Hanger
National Clothesline
National Clothesline
Your chance to be in the spotlight
When February hits, it means another Super Bowl will be coming and going along with all of
the pomp and spectacle that accompanies it… including the astronomical commercial prices.
Prior to the Denver Broncos/Seattle Seahawks matchup for Super Bowl XLVIII, analysts were
estimating that it would cost close to $4 million for a 30-second spot. The reason is simple: last
year’s game attracted about 109 million viewers. However, it’s not just advertising revenue
that enjoys a big bump at this time; many industries also benefit with sales that reach new
heights.
Millions of big screen TVs sell during the days leading up to the big game. Costco, for
example, typically sees about a 30 percent surge in TV sales each year in that time period.
Then, there’s the food. Super Bowl Sunday is considered the second biggest eating “holiday”
behind Thanksgiving. Prior to the 2013 Super Bowl, the National Restaurant Association
estimated that 48 million Americans would order takeout or delivery food for the game and
another 12 million were expected to visit a restaurant or bar to watch the game. The National
Chicken Council’s 2013 Wing Report expected more than 1.23 billion wing portions to be
consumed the weekend Baltimore edged out San Francisco with a score of 34 to 31.
Big events elicit big responses. Keep that in mind since this industry’s “Super Bowl” is just
around the corner: the Academy Awards. When the 2014 Oscars air on March 2, there will be
tens of millions of viewers watching live while celebrities model all of the latest glamorous
fashion trends on the red carpet. You can certainly bet that the high-end cleaners who service
such expensive outfits benefit greatly from this time of year, but it’s also an excellent
opportunity for cleaners to offer “Oscar sales” akin to the various “Super Bowl sales” TV
vendors and pizza delivery shops tout annually.
Many people dress up in their finest attire to take part in various Oscar parties all around the
country on the night of the Academy Awards and those tuxedos and gowns still require the
professional finishing touch of a skilled drycleaner. It is also the perfect time of year to remind
your current and potential customers that you are capable of handling any garment, even the
ones worn by the stars that look like a million bucks (though may cost closer to the $10,000 to
$15,000 range). Just be sure to be able to back up your claims. Your customers, like movie
fans, will always remember the biggest flops just as much as they’ll remember the blockbuster
triumphs.
No help from Yelp
When a customer has a problem, the first instinct of most cleaners is to solve it and make
the customer happy.

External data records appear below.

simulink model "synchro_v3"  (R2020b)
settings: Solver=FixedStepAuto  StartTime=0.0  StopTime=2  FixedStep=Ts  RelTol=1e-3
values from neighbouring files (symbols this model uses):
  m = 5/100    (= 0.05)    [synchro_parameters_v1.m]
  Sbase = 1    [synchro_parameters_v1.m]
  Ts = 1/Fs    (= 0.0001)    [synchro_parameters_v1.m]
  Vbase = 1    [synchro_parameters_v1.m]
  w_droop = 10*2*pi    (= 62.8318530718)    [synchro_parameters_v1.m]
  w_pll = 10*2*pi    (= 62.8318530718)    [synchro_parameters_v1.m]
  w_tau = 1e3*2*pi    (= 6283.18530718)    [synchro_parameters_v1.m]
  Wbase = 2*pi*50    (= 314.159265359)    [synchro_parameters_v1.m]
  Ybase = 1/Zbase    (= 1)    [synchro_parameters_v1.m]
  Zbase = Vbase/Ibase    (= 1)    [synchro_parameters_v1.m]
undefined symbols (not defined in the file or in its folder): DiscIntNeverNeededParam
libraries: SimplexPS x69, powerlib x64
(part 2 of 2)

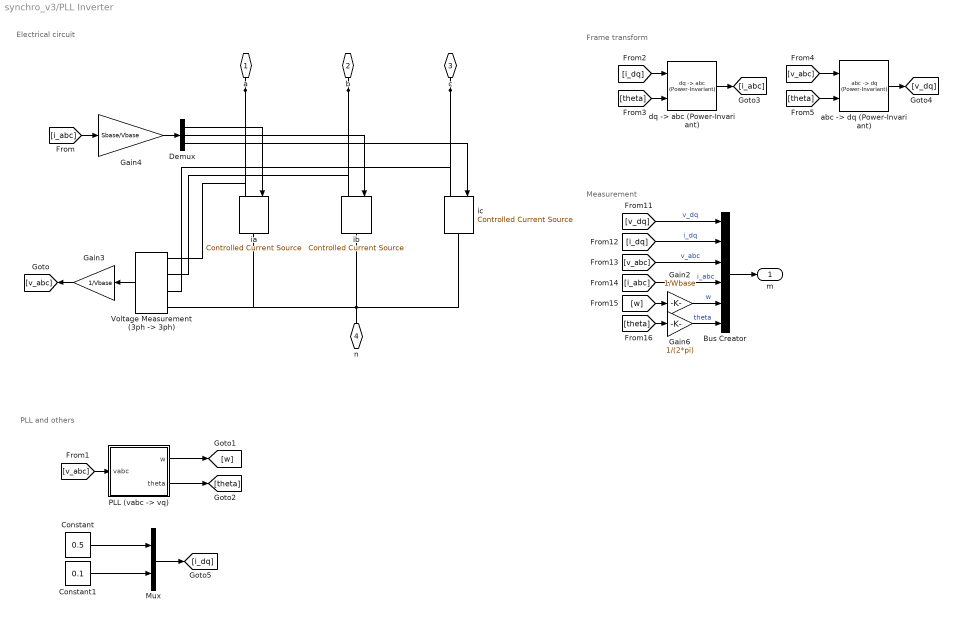
== system synchro_v3/PLL Inverter ==
  note: Measurement
  note: PLL and others
  note: Frame transform
  note: Electrical circuit
  Bus Creator : BusCreator  Inputs=6
  Constant : Constant  Value=0.5
  Constant1 : Constant  Value=0.1
  Demux : Demux  Outputs=3
  Gain2 : Gain  Gain=1/Wbase
  Gain3 : Gain  Gain=1/Vbase
  Gain4 : Gain  Gain=Sbase/Vbase
  Gain6 : Gain  Gain=1/(2*pi)
  Mux : Mux  Inputs=2
  "PLL (vabc -> vq)" : Subsystem  AncestorBlock=|  mask{Ts=Ts, Vbase=Vbase, Wbase=Wbase, w_pll=w_pll, w_tau=w_tau, theta0=0}
      | SimplexPS/PLL
      | (vabc -> vq)
      mask prompts: Ts "Ts (s), sampling period"; Vbase "Vbase (V), base voltage"; Wbase "Wbase (rad/s), base angular frequency"; w_pll "w_pll (rad/s), PLL bandwidth"; w_tau "w_tau (rad/s), low-pass filter bandwidth"; theta0 "theta0 (rad), initial angle"
  "Voltage Measurement (3ph -> 3ph)" : SimplexPS/Voltage Measurement (3ph -> 3ph)  SystemSampleTime=-1  VariantActivationTime=update diagram  Latency=0  AutoFrameSizeCalculation=off
      settings: SourceProductName=Simplex Power Systems
  "abc -> dq (Power-Invariant)" : SimplexPS/abc -> dq (Power-Invariant)  SystemSampleTime=-1  VariantActivationTime=update diagram  Latency=0  AutoFrameSizeCalculation=off
      settings: SourceProductName=Simplex Power Systems
  "dq -> abc (Power-Invariant)" : SimplexPS/dq -> abc (Power-Invariant)  SystemSampleTime=-1  VariantActivationTime=update diagram  Latency=0  AutoFrameSizeCalculation=off
      settings: SourceProductName=Simplex Power Systems
  ia : powerlib/Electrical Sources/Controlled Current Source  Initialize=on  Source_Type=AC  Amplitude=0  Phase=0  Frequency=0  Measurements=None
  ib : powerlib/Electrical Sources/Controlled Current Source  Initialize=on  Source_Type=AC  Amplitude=0  Phase=0  Frequency=0  Measurements=None
  ic : powerlib/Electrical Sources/Controlled Current Source  Initialize=on  Source_Type=AC  Amplitude=0  Phase=0  Frequency=0  Measurements=None
  a : PMIOPort  Side=Left
  b : PMIOPort  Port=2  Side=Left
  c : PMIOPort  Port=3  Side=Left
  n : PMIOPort  Port=4  Side=Left
  m : Outport
  wires:
  [v_dq] -> Bus Creator/1  "v_dq"
  [i_dq] -> Bus Creator/2  "i_dq"
  [v_abc] -> Bus Creator/3  "v_abc"
  [i_abc] -> Bus Creator/4  "i_abc"
  Bus Creator/1 -> m/1
  [w] -> Gain2/1
  Gain2/1 -> Bus Creator/5  "w"
  [i_abc] -> Gain4/1
  Gain4/1 -> Demux/1
  [theta] -> Gain6/1
  Gain6/1 -> Bus Creator/6  "theta"
  Demux/1 -> ia/1
  Demux/2 -> ib/1
  Demux/3 -> ic/1
  Gain3/1 -> [v_abc]
  [v_abc] -> "PLL (vabc -> vq)"/1(vabc)
  "PLL (vabc -> vq)"/1(w) -> [w]
  "PLL (vabc -> vq)"/2(theta) -> [theta]
  "Voltage Measurement (3ph -> 3ph)"/1 -> Gain3/1
  "dq -> abc (Power-Invariant)"/1 -> [i_abc]
  [i_dq] -> "dq -> abc (Power-Invariant)"/1
  [theta] -> "dq -> abc (Power-Invariant)"/2
  [v_abc] -> "abc -> dq (Power-Invariant)"/1
  [theta] -> "abc -> dq (Power-Invariant)"/2
  "abc -> dq (Power-Invariant)"/1 -> [v_dq]
  Constant/1 -> Mux/1
  Constant1/1 -> Mux/2
  Mux/1 -> [i_dq]
  connections:
  a/RConn1 -- "Voltage Measurement (3ph -> 3ph)"/LConn1 -- ia/LConn1
  ib/RConn1 -- ic/RConn1 -- n/RConn1 -- "Voltage Measurement (3ph -> 3ph)"/LConn4 -- ia/RConn1
  b/RConn1 -- "Voltage Measurement (3ph -> 3ph)"/LConn2 -- ib/LConn1
  c/RConn1 -- "Voltage Measurement (3ph -> 3ph)"/LConn3 -- ic/LConn1

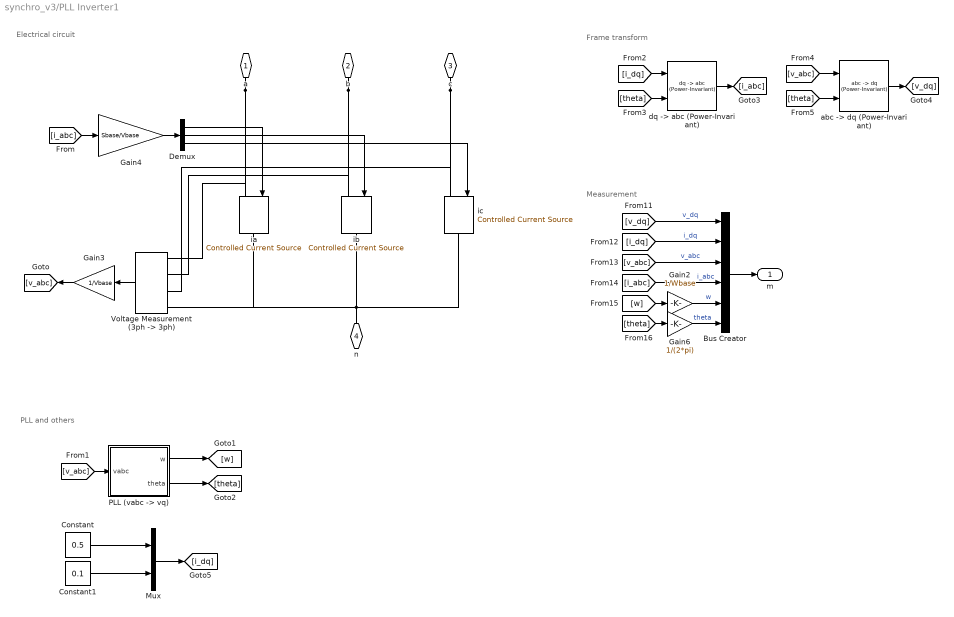
== system synchro_v3/PLL Inverter1 ==
  note: Measurement
  note: PLL and others
  note: Frame transform
  note: Electrical circuit
  Bus Creator : BusCreator  Inputs=6
  Constant : Constant  Value=0.5
  Constant1 : Constant  Value=0.1
  Demux : Demux  Outputs=3
  Gain2 : Gain  Gain=1/Wbase
  Gain3 : Gain  Gain=1/Vbase
  Gain4 : Gain  Gain=Sbase/Vbase
  Gain6 : Gain  Gain=1/(2*pi)
  Mux : Mux  Inputs=2
  "PLL (vabc -> vq)" : Subsystem  AncestorBlock=|  mask{Ts=Ts, Vbase=Vbase, Wbase=Wbase, w_pll=w_pll, w_tau=w_tau, theta0=0}
      | SimplexPS/PLL
      | (vabc -> vq)
      mask prompts: Ts "Ts (s), sampling period"; Vbase "Vbase (V), base voltage"; Wbase "Wbase (rad/s), base angular frequency"; w_pll "w_pll (rad/s), PLL bandwidth"; w_tau "w_tau (rad/s), low-pass filter bandwidth"; theta0 "theta0 (rad), initial angle"
  "Voltage Measurement (3ph -> 3ph)" : SimplexPS/Voltage Measurement (3ph -> 3ph)  SystemSampleTime=-1  VariantActivationTime=update diagram  Latency=0  AutoFrameSizeCalculation=off
      settings: SourceProductName=Simplex Power Systems
  "abc -> dq (Power-Invariant)" : SimplexPS/abc -> dq (Power-Invariant)  SystemSampleTime=-1  VariantActivationTime=update diagram  Latency=0  AutoFrameSizeCalculation=off
      settings: SourceProductName=Simplex Power Systems
  "dq -> abc (Power-Invariant)" : SimplexPS/dq -> abc (Power-Invariant)  SystemSampleTime=-1  VariantActivationTime=update diagram  Latency=0  AutoFrameSizeCalculation=off
      settings: SourceProductName=Simplex Power Systems
  ia : powerlib/Electrical Sources/Controlled Current Source  Initialize=on  Source_Type=AC  Amplitude=0  Phase=0  Frequency=0  Measurements=None
  ib : powerlib/Electrical Sources/Controlled Current Source  Initialize=on  Source_Type=AC  Amplitude=0  Phase=0  Frequency=0  Measurements=None
  ic : powerlib/Electrical Sources/Controlled Current Source  Initialize=on  Source_Type=AC  Amplitude=0  Phase=0  Frequency=0  Measurements=None
  a : PMIOPort  Side=Left
  b : PMIOPort  Port=2  Side=Left
  c : PMIOPort  Port=3  Side=Left
  n : PMIOPort  Port=4  Side=Left
  m : Outport
  wires:
  [v_dq] -> Bus Creator/1  "v_dq"
  [i_dq] -> Bus Creator/2  "i_dq"
  [v_abc] -> Bus Creator/3  "v_abc"
  [i_abc] -> Bus Creator/4  "i_abc"
  Bus Creator/1 -> m/1
  [w] -> Gain2/1
  Gain2/1 -> Bus Creator/5  "w"
  [i_abc] -> Gain4/1
  Gain4/1 -> Demux/1
  [theta] -> Gain6/1
  Gain6/1 -> Bus Creator/6  "theta"
  Demux/1 -> ia/1
  Demux/2 -> ib/1
  Demux/3 -> ic/1
  Gain3/1 -> [v_abc]
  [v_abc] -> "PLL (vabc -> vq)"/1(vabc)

After all, as we have heard over and over, the customer is always right —
sometimes even when the customer is actually wrong.
Cleaners will go to almost any length to fix the problem, which might even include paying a
claim that is not fully justified. This not only secures the loyalty of the customer but also can
lead to positive word-of-mouth publicity that affirms the cleaner’s reputation as a problem-
solver. The important thing is not to win an argument but to win a customer. But what can you
do when you can’t even identify the complaining customer? How can you rectify a problem
without being able to discuss it? This is what often happens when the customer has lodged a
complaint on a review website like Yelp.
It’s a frustrating situation, made even worse by the fact that the complaint is broadcast far
and wide on the internet for anyone to see when your business pops up in a Google search,
which is often the result of someone looking for a “good cleaner.” And it seems that once a
negative review is posted it tends to say there for months or even years. Talk about one bad
apple spoiling the whole bunch!
Cleaners are not alone in having this type of problem with Yelp reviews. The owner of a
carpet cleaning business in Virginia took Yelp to court, arguing that seven negative Yelp
reviews of his business were phony, not to mention defamatory. Yelp says it has a filtering
system designed to prevent the posting of phony reviews, but the circumstances of this case
along with others we know of, suggest that Yelp’s filters are not up to snuff and fake reviews
intended to harm a business rather than inform consumers are getting through.
Trying to resolve a customer’s problem shouldn’t require taking a third party to court. If Yelp
truly wants to serve the public, it should provide a means for consumers and businesses to
resolve problems. At the very least, Yelp needs a better system of filtering out fake reviews,
such as assuring that the complaining customer has actually used the service or purchased the
product he or she is complaining about. If Amazon.com can do it, so can Yelp.